Have any of us taken a close look at the arguments contained within? I noticed
that on page 44 where it finally gets into the meat of the argument in
environmental impacts, it actually noted that given the projections of San
Francisco's office of the comptroller, the ban actually has positive effects.
Then it constructs its own "scenario 2" under which is would have negative
effects. And then as far as I can see it never argues which scenario is valid!

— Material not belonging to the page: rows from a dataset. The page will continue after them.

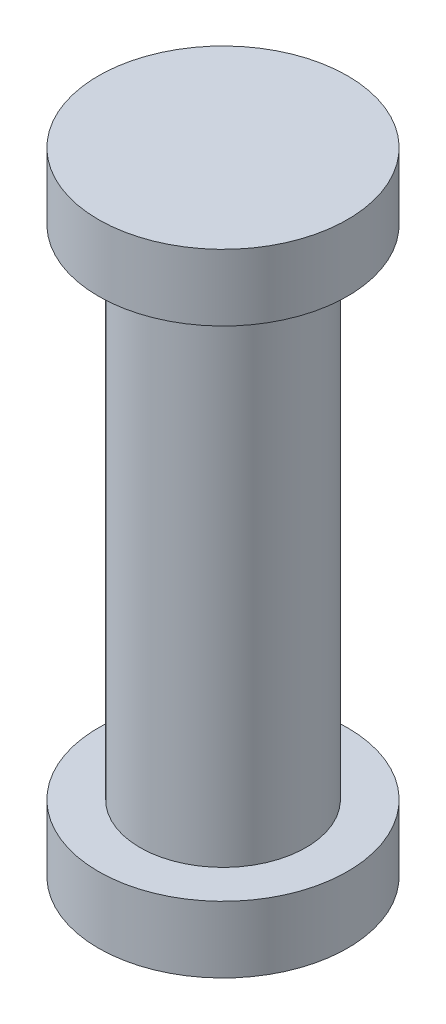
from build123d import *

# Parameters (mm, degrees)
SKETCH1_R                = 3.175
BOSS_EXTRUDE1_DEPTH      = 20.32
SKETCH2_R                = 4.7625
BOSS_EXTRUDE2_DEPTH      = 2.54
BOSS_EXTRUDE3_DEPTH      = 1.27
BOSS_EXTRUDE3_DEPTH_BACK = 1.27
SKETCH3_R                = 4.7625


with BuildPart() as part:
    # Sketch1 → Boss-Extrude1 (new body)
    with BuildSketch(Plane(origin=(0, 0, 0), x_dir=(1, 0, 0), z_dir=(0, 1, 0))):
        with Locations(Location((0, 0, 0), (0, 0, 270))):
            Circle(SKETCH1_R)
    extrude(amount=BOSS_EXTRUDE1_DEPTH)

    # Sketch2 → Boss-Extrude2 (add)
    with BuildSketch(Plane(origin=(0, 0, 0), x_dir=(-1, 0, 0), z_dir=(0, -1, 0))):
        with Locations(Location((0, 0, 0), (0, 0, 90))):
            Circle(SKETCH2_R)
    extrude(amount=BOSS_EXTRUDE2_DEPTH)

    # Sketch3 → Boss-Extrude3 (add, two sides: drawn at the far end of the back side and taken through both)
    with BuildSketch(Plane(origin=(0, 20.32, 0), x_dir=(1, 0, 0), z_dir=(0, 1, 0)).offset(-BOSS_EXTRUDE3_DEPTH_BACK)):
        with Locations(Location((0, 0, 0), (0, 0, 90))):
            Circle(SKETCH3_R)
    extrude(amount=BOSS_EXTRUDE3_DEPTH + BOSS_EXTRUDE3_DEPTH_BACK)


solid = part.part
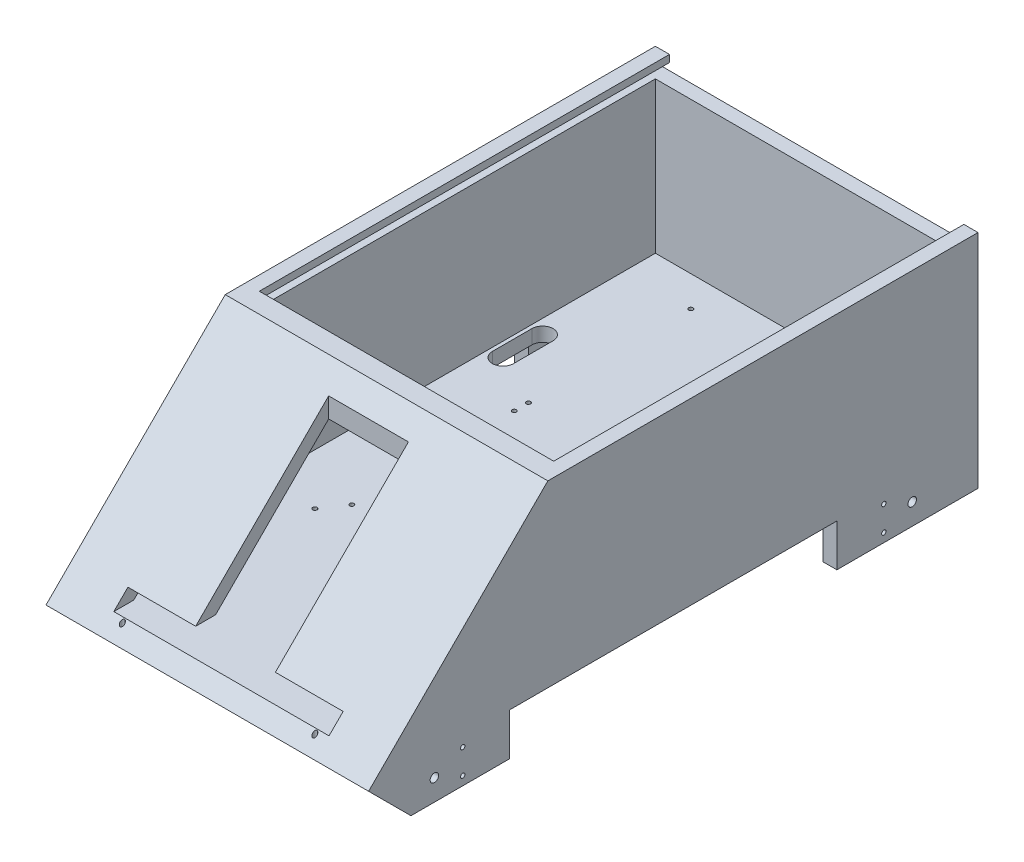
ISO-10303-21;
HEADER;
FILE_DESCRIPTION(('STEP AP214'),'2;1');
FILE_NAME('part.step','',(''),(''),'','','');
FILE_SCHEMA(('AUTOMOTIVE_DESIGN { 1 0 10303 214 1 1 1 1 }'));
ENDSEC;
DATA;
#1=APPLICATION_CONTEXT('core data for automotive mechanical design processes');
#2=APPLICATION_PROTOCOL_DEFINITION('international standard','automotive_design',2000,#1);
#3=PRODUCT_CONTEXT('',#1,'mechanical');
#4=PRODUCT('Part','Part','',(#3));
#5=PRODUCT_RELATED_PRODUCT_CATEGORY('part','',(#4));
#6=PRODUCT_DEFINITION_FORMATION('','',#4);
#7=PRODUCT_DEFINITION_CONTEXT('part definition',#1,'design');
#8=PRODUCT_DEFINITION('design','',#6,#7);
#9=PRODUCT_DEFINITION_SHAPE('','',#8);
#10=(LENGTH_UNIT() NAMED_UNIT(*) SI_UNIT(.MILLI.,.METRE.));
#11=(NAMED_UNIT(*) PLANE_ANGLE_UNIT() SI_UNIT($,.RADIAN.));
#12=(NAMED_UNIT(*) SI_UNIT($,.STERADIAN.) SOLID_ANGLE_UNIT());
#13=UNCERTAINTY_MEASURE_WITH_UNIT(LENGTH_MEASURE(1.E-05),#10,'distance_accuracy_value','');
#14=(GEOMETRIC_REPRESENTATION_CONTEXT(3) GLOBAL_UNCERTAINTY_ASSIGNED_CONTEXT((#13)) GLOBAL_UNIT_ASSIGNED_CONTEXT((#10,
#11,#12)) REPRESENTATION_CONTEXT('',''));
#15=CARTESIAN_POINT('',(0.,0.,0.));
#16=DIRECTION('',(0.,0.,1.));
#17=DIRECTION('',(1.,0.,0.));
#18=AXIS2_PLACEMENT_3D('',#15,#16,#17);
#19=CARTESIAN_POINT('',(114.3,0.,0.));
#20=DIRECTION('',(0.,1.,0.));
#21=DIRECTION('',(0.,0.,1.));
#22=AXIS2_PLACEMENT_3D('',#19,#20,#21);
#23=PLANE('',#22);
#24=CARTESIAN_POINT('',(-57.54,0.,-275.02));
#25=DIRECTION('',(0.,-1.,0.));
#26=DIRECTION('',(0.,0.,-1.));
#27=AXIS2_PLACEMENT_3D('',#24,#25,#26);
#28=CIRCLE('',#27,1.5);
#29=CARTESIAN_POINT('',(-57.54,0.,-276.52));
#30=VERTEX_POINT('',#29);
#31=EDGE_CURVE('E1028',#30,#30,#28,.T.);
#32=ORIENTED_EDGE('',*,*,#31,.F.);
#33=EDGE_LOOP('',(#32));
#34=FACE_BOUND('',#33,.T.);
#35=CARTESIAN_POINT('',(-57.54,0.,-159.94));
#36=DIRECTION('',(0.,-1.,0.));
#37=DIRECTION('',(0.,0.,-1.));
#38=AXIS2_PLACEMENT_3D('',#35,#36,#37);
#39=CIRCLE('',#38,1.5);
#40=CARTESIAN_POINT('',(-57.54,0.,-161.44));
#41=VERTEX_POINT('',#40);
#42=EDGE_CURVE('E1032',#41,#41,#39,.T.);
#43=ORIENTED_EDGE('',*,*,#42,.F.);
#44=EDGE_LOOP('',(#43));
#45=FACE_BOUND('',#44,.T.);
#46=CARTESIAN_POINT('',(57.54,0.,-159.94));
#47=DIRECTION('',(0.,-1.,0.));
#48=DIRECTION('',(0.,0.,1.));
#49=AXIS2_PLACEMENT_3D('',#46,#47,#48);
#50=CIRCLE('',#49,1.5);
#51=CARTESIAN_POINT('',(57.54,0.,-158.44));
#52=VERTEX_POINT('',#51);
#53=EDGE_CURVE('E1036',#52,#52,#50,.T.);
#54=ORIENTED_EDGE('',*,*,#53,.F.);
#55=EDGE_LOOP('',(#54));
#56=FACE_BOUND('',#55,.T.);
#57=CARTESIAN_POINT('',(57.54,0.,-285.1));
#58=DIRECTION('',(0.,-1.,0.));
#59=DIRECTION('',(0.,0.,1.));
#60=AXIS2_PLACEMENT_3D('',#57,#58,#59);
#61=CIRCLE('',#60,1.5);
#62=CARTESIAN_POINT('',(57.54,0.,-283.6));
#63=VERTEX_POINT('',#62);
#64=EDGE_CURVE('E1040',#63,#63,#61,.T.);
#65=ORIENTED_EDGE('',*,*,#64,.F.);
#66=EDGE_LOOP('',(#65));
#67=FACE_BOUND('',#66,.T.);
#68=CARTESIAN_POINT('',(-57.54,0.,-400.18));
#69=DIRECTION('',(0.,-1.,0.));
#70=DIRECTION('',(0.,0.,-1.));
#71=AXIS2_PLACEMENT_3D('',#68,#69,#70);
#72=CIRCLE('',#71,1.50000000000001);
#73=CARTESIAN_POINT('',(-57.54,0.,-401.68));
#74=VERTEX_POINT('',#73);
#75=EDGE_CURVE('E1044',#74,#74,#72,.T.);
#76=ORIENTED_EDGE('',*,*,#75,.F.);
#77=EDGE_LOOP('',(#76));
#78=FACE_BOUND('',#77,.T.);
#79=CARTESIAN_POINT('',(-57.54,0.,-285.1));
#80=DIRECTION('',(0.,-1.,0.));
#81=DIRECTION('',(0.,0.,-1.));
#82=AXIS2_PLACEMENT_3D('',#79,#80,#81);
#83=CIRCLE('',#82,1.5);
#84=CARTESIAN_POINT('',(-57.54,0.,-286.6));
#85=VERTEX_POINT('',#84);
#86=EDGE_CURVE('E1048',#85,#85,#83,.T.);
#87=ORIENTED_EDGE('',*,*,#86,.F.);
#88=EDGE_LOOP('',(#87));
#89=FACE_BOUND('',#88,.T.);
#90=CARTESIAN_POINT('',(57.54,0.,-400.18));
#91=DIRECTION('',(0.,-1.,0.));
#92=DIRECTION('',(0.,0.,1.));
#93=AXIS2_PLACEMENT_3D('',#90,#91,#92);
#94=CIRCLE('',#93,1.50000000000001);
#95=CARTESIAN_POINT('',(57.54,0.,-398.68));
#96=VERTEX_POINT('',#95);
#97=EDGE_CURVE('E1052',#96,#96,#94,.T.);
#98=ORIENTED_EDGE('',*,*,#97,.F.);
#99=EDGE_LOOP('',(#98));
#100=FACE_BOUND('',#99,.T.);
#101=CARTESIAN_POINT('',(57.54,0.,-275.02));
#102=DIRECTION('',(0.,-1.,0.));
#103=DIRECTION('',(0.,0.,1.));
#104=AXIS2_PLACEMENT_3D('',#101,#102,#103);
#105=CIRCLE('',#104,1.5);
#106=CARTESIAN_POINT('',(57.54,0.,-273.52));
#107=VERTEX_POINT('',#106);
#108=EDGE_CURVE('E1056',#107,#107,#105,.T.);
#109=ORIENTED_EDGE('',*,*,#108,.F.);
#110=EDGE_LOOP('',(#109));
#111=FACE_BOUND('',#110,.T.);
#112=CARTESIAN_POINT('',(-68.2,0.,-8.));
#113=DIRECTION('',(0.,-1.,0.));
#114=DIRECTION('',(0.,0.,-1.));
#115=AXIS2_PLACEMENT_3D('',#112,#113,#114);
#116=CIRCLE('',#115,1.54999999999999);
#117=CARTESIAN_POINT('',(-68.2,0.,-9.54999999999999));
#118=VERTEX_POINT('',#117);
#119=EDGE_CURVE('E847',#118,#118,#116,.T.);
#120=ORIENTED_EDGE('',*,*,#119,.F.);
#121=EDGE_LOOP('',(#120));
#122=FACE_BOUND('',#121,.T.);
#123=CARTESIAN_POINT('',(68.2,0.,-144.4));
#124=DIRECTION('',(0.,-1.,0.));
#125=DIRECTION('',(0.,0.,1.));
#126=AXIS2_PLACEMENT_3D('',#123,#124,#125);
#127=CIRCLE('',#126,1.54999999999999);
#128=CARTESIAN_POINT('',(68.2,0.,-142.85));
#129=VERTEX_POINT('',#128);
#130=EDGE_CURVE('E1063',#129,#129,#127,.T.);
#131=ORIENTED_EDGE('',*,*,#130,.F.);
#132=EDGE_LOOP('',(#131));
#133=FACE_BOUND('',#132,.T.);
#134=CARTESIAN_POINT('',(68.2,0.,-8.));
#135=DIRECTION('',(0.,-1.,0.));
#136=DIRECTION('',(0.,0.,1.));
#137=AXIS2_PLACEMENT_3D('',#134,#135,#136);
#138=CIRCLE('',#137,1.54999999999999);
#139=CARTESIAN_POINT('',(68.2,0.,-6.45000000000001));
#140=VERTEX_POINT('',#139);
#141=EDGE_CURVE('E1067',#140,#140,#138,.T.);
#142=ORIENTED_EDGE('',*,*,#141,.F.);
#143=EDGE_LOOP('',(#142));
#144=FACE_BOUND('',#143,.T.);
#145=CARTESIAN_POINT('',(-68.2,0.,-144.4));
#146=DIRECTION('',(0.,-1.,0.));
#147=DIRECTION('',(0.,0.,-1.));
#148=AXIS2_PLACEMENT_3D('',#145,#146,#147);
#149=CIRCLE('',#148,1.54999999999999);
#150=CARTESIAN_POINT('',(-68.2,0.,-145.95));
#151=VERTEX_POINT('',#150);
#152=EDGE_CURVE('E842',#151,#151,#149,.T.);
#153=ORIENTED_EDGE('',*,*,#152,.F.);
#154=EDGE_LOOP('',(#153));
#155=FACE_BOUND('',#154,.T.);
#156=DIRECTION('',(0.,0.,-1.));
#157=VECTOR('',#156,1.);
#158=CARTESIAN_POINT('',(-86.8,0.,-128.));
#159=LINE('',#158,#157);
#160=CARTESIAN_POINT('',(-86.8,0.,-100.));
#161=VERTEX_POINT('',#160);
#162=CARTESIAN_POINT('',(-86.8,0.,-128.));
#163=VERTEX_POINT('',#162);
#164=EDGE_CURVE('E394',#161,#163,#159,.T.);
#165=ORIENTED_EDGE('',*,*,#164,.T.);
#166=CARTESIAN_POINT('',(-94.3,0.,-128.));
#167=DIRECTION('',(0.,1.,0.));
#168=DIRECTION('',(0.,0.,1.));
#169=AXIS2_PLACEMENT_3D('',#166,#167,#168);
#170=CIRCLE('',#169,7.49999999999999);
#171=CARTESIAN_POINT('',(-101.8,0.,-128.));
#172=VERTEX_POINT('',#171);
#173=EDGE_CURVE('E386',#163,#172,#170,.T.);
#174=ORIENTED_EDGE('',*,*,#173,.T.);
#175=DIRECTION('',(0.,0.,1.));
#176=VECTOR('',#175,1.);
#177=CARTESIAN_POINT('',(-101.8,0.,-128.));
#178=LINE('',#177,#176);
#179=CARTESIAN_POINT('',(-101.8,0.,-100.));
#180=VERTEX_POINT('',#179);
#181=EDGE_CURVE('E397',#172,#180,#178,.T.);
#182=ORIENTED_EDGE('',*,*,#181,.T.);
#183=CARTESIAN_POINT('',(-94.3,0.,-100.));
#184=DIRECTION('',(0.,1.,0.));
#185=DIRECTION('',(0.,0.,1.));
#186=AXIS2_PLACEMENT_3D('',#183,#184,#185);
#187=CIRCLE('',#186,7.49999999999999);
#188=EDGE_CURVE('E57',#180,#161,#187,.T.);
#189=ORIENTED_EDGE('',*,*,#188,.T.);
#190=EDGE_LOOP('',(#165,#174,#182,#189));
#191=FACE_BOUND('',#190,.T.);
#192=DIRECTION('',(0.,0.,-1.));
#193=VECTOR('',#192,1.);
#194=CARTESIAN_POINT('',(101.8,0.,-128.));
#195=LINE('',#194,#193);
#196=CARTESIAN_POINT('',(101.8,0.,-100.));
#197=VERTEX_POINT('',#196);
#198=CARTESIAN_POINT('',(101.8,0.,-128.));
#199=VERTEX_POINT('',#198);
#200=EDGE_CURVE('E429',#197,#199,#195,.T.);
#201=ORIENTED_EDGE('',*,*,#200,.T.);
#202=CARTESIAN_POINT('',(94.3,0.,-128.));
#203=DIRECTION('',(0.,1.,0.));
#204=DIRECTION('',(0.,0.,-1.));
#205=AXIS2_PLACEMENT_3D('',#202,#203,#204);
#206=CIRCLE('',#205,7.49999999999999);
#207=CARTESIAN_POINT('',(86.8,0.,-128.));
#208=VERTEX_POINT('',#207);
#209=EDGE_CURVE('E440',#199,#208,#206,.T.);
#210=ORIENTED_EDGE('',*,*,#209,.T.);
#211=DIRECTION('',(0.,0.,1.));
#212=VECTOR('',#211,1.);
#213=CARTESIAN_POINT('',(86.8,0.,-128.));
#214=LINE('',#213,#212);
#215=CARTESIAN_POINT('',(86.8,0.,-100.));
#216=VERTEX_POINT('',#215);
#217=EDGE_CURVE('E450',#208,#216,#214,.T.);
#218=ORIENTED_EDGE('',*,*,#217,.T.);
#219=CARTESIAN_POINT('',(94.3,0.,-100.));
#220=DIRECTION('',(0.,1.,0.));
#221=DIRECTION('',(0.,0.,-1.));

It just jumps to a conclusion later on (p56) that things are "uncertain" so a
ban is therefore "irrational".

That just smacks of propaganda draped in the clothes of academia. For some
counter arguments see:
[http://mediamatters.org/research/2014/10/08/californias-
plas...](http://mediamatters.org/research/2014/10/08/californias-plastic-bag-
ban-myths-and-facts/201064)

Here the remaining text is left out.